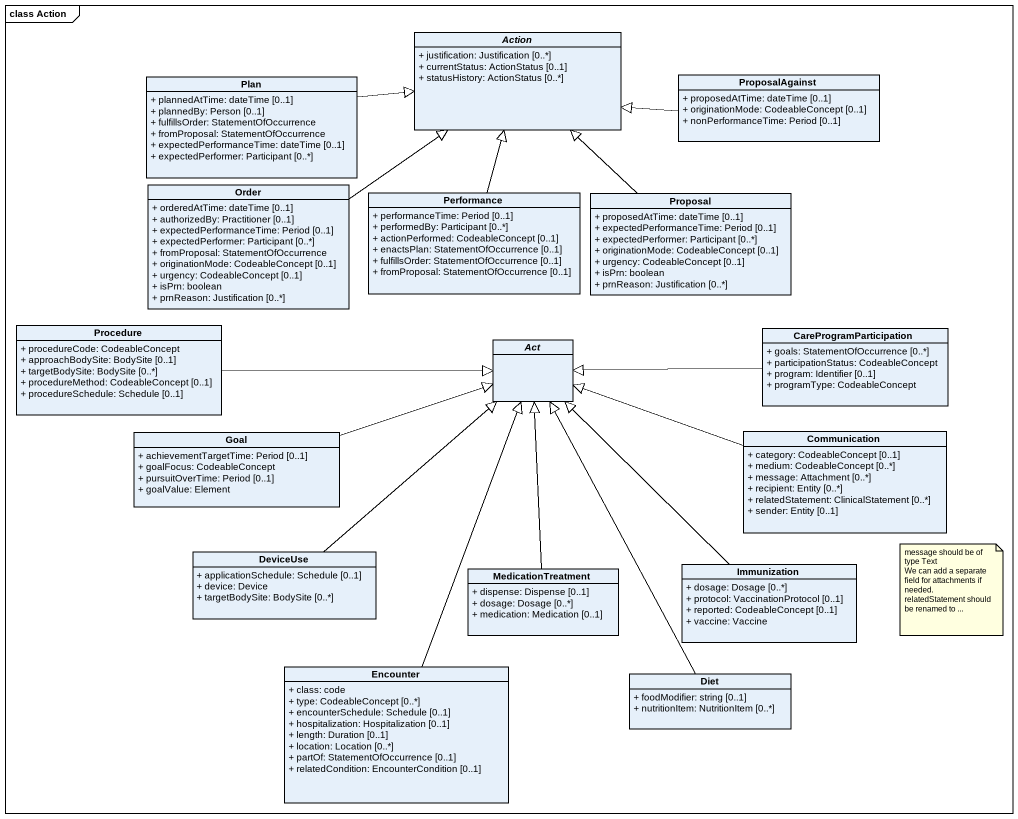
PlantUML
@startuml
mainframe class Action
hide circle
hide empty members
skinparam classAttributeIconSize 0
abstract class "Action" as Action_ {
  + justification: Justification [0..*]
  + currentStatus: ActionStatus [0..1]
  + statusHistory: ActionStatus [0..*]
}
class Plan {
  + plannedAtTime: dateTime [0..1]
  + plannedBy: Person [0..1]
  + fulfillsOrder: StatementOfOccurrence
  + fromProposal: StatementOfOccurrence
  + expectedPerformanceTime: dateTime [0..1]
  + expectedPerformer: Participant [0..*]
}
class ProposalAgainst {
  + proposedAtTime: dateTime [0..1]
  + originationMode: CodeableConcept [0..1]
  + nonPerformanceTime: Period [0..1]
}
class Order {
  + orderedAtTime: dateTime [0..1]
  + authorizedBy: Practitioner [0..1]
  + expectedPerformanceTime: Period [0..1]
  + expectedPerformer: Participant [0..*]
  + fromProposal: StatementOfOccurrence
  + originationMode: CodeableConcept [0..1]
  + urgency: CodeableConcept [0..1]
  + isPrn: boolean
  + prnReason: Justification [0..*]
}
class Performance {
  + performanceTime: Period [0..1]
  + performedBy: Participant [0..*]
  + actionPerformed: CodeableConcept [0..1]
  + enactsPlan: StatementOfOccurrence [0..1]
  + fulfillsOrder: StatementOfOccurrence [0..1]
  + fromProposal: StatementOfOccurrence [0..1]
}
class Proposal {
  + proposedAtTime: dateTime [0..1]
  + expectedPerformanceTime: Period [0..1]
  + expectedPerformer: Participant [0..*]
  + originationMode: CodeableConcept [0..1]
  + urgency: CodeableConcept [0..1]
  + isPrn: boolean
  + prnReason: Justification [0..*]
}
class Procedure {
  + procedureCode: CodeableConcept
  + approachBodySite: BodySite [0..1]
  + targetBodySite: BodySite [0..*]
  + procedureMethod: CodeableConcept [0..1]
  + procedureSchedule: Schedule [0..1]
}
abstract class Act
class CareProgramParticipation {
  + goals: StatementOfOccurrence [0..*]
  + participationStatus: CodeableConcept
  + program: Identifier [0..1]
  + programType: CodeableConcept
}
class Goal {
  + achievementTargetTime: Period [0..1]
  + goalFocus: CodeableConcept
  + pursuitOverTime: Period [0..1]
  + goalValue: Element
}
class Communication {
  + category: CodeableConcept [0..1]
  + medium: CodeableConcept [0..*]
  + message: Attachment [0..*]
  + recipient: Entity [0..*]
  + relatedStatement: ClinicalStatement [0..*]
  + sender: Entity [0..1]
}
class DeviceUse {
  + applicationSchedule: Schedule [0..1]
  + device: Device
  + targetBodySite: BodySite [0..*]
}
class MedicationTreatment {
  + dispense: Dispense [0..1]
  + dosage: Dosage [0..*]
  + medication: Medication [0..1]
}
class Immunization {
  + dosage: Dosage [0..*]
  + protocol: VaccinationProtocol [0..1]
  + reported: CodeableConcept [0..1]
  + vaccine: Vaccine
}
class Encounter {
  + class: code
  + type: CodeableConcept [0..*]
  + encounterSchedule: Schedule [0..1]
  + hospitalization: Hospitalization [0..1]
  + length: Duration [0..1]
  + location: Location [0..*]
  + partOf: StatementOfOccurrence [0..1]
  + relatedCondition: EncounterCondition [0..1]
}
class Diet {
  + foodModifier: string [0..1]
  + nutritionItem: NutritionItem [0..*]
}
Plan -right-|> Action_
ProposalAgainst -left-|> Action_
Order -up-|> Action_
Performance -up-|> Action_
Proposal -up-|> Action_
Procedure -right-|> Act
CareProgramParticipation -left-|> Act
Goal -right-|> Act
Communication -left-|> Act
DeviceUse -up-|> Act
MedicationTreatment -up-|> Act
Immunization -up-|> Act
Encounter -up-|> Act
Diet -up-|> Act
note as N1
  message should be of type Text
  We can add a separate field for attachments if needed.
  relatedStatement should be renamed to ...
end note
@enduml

WHAT THIS TASK INVOLVES: The answer is to be a bare number, showing how many lines of the records contain "right".

OUTPUT BELOW: 3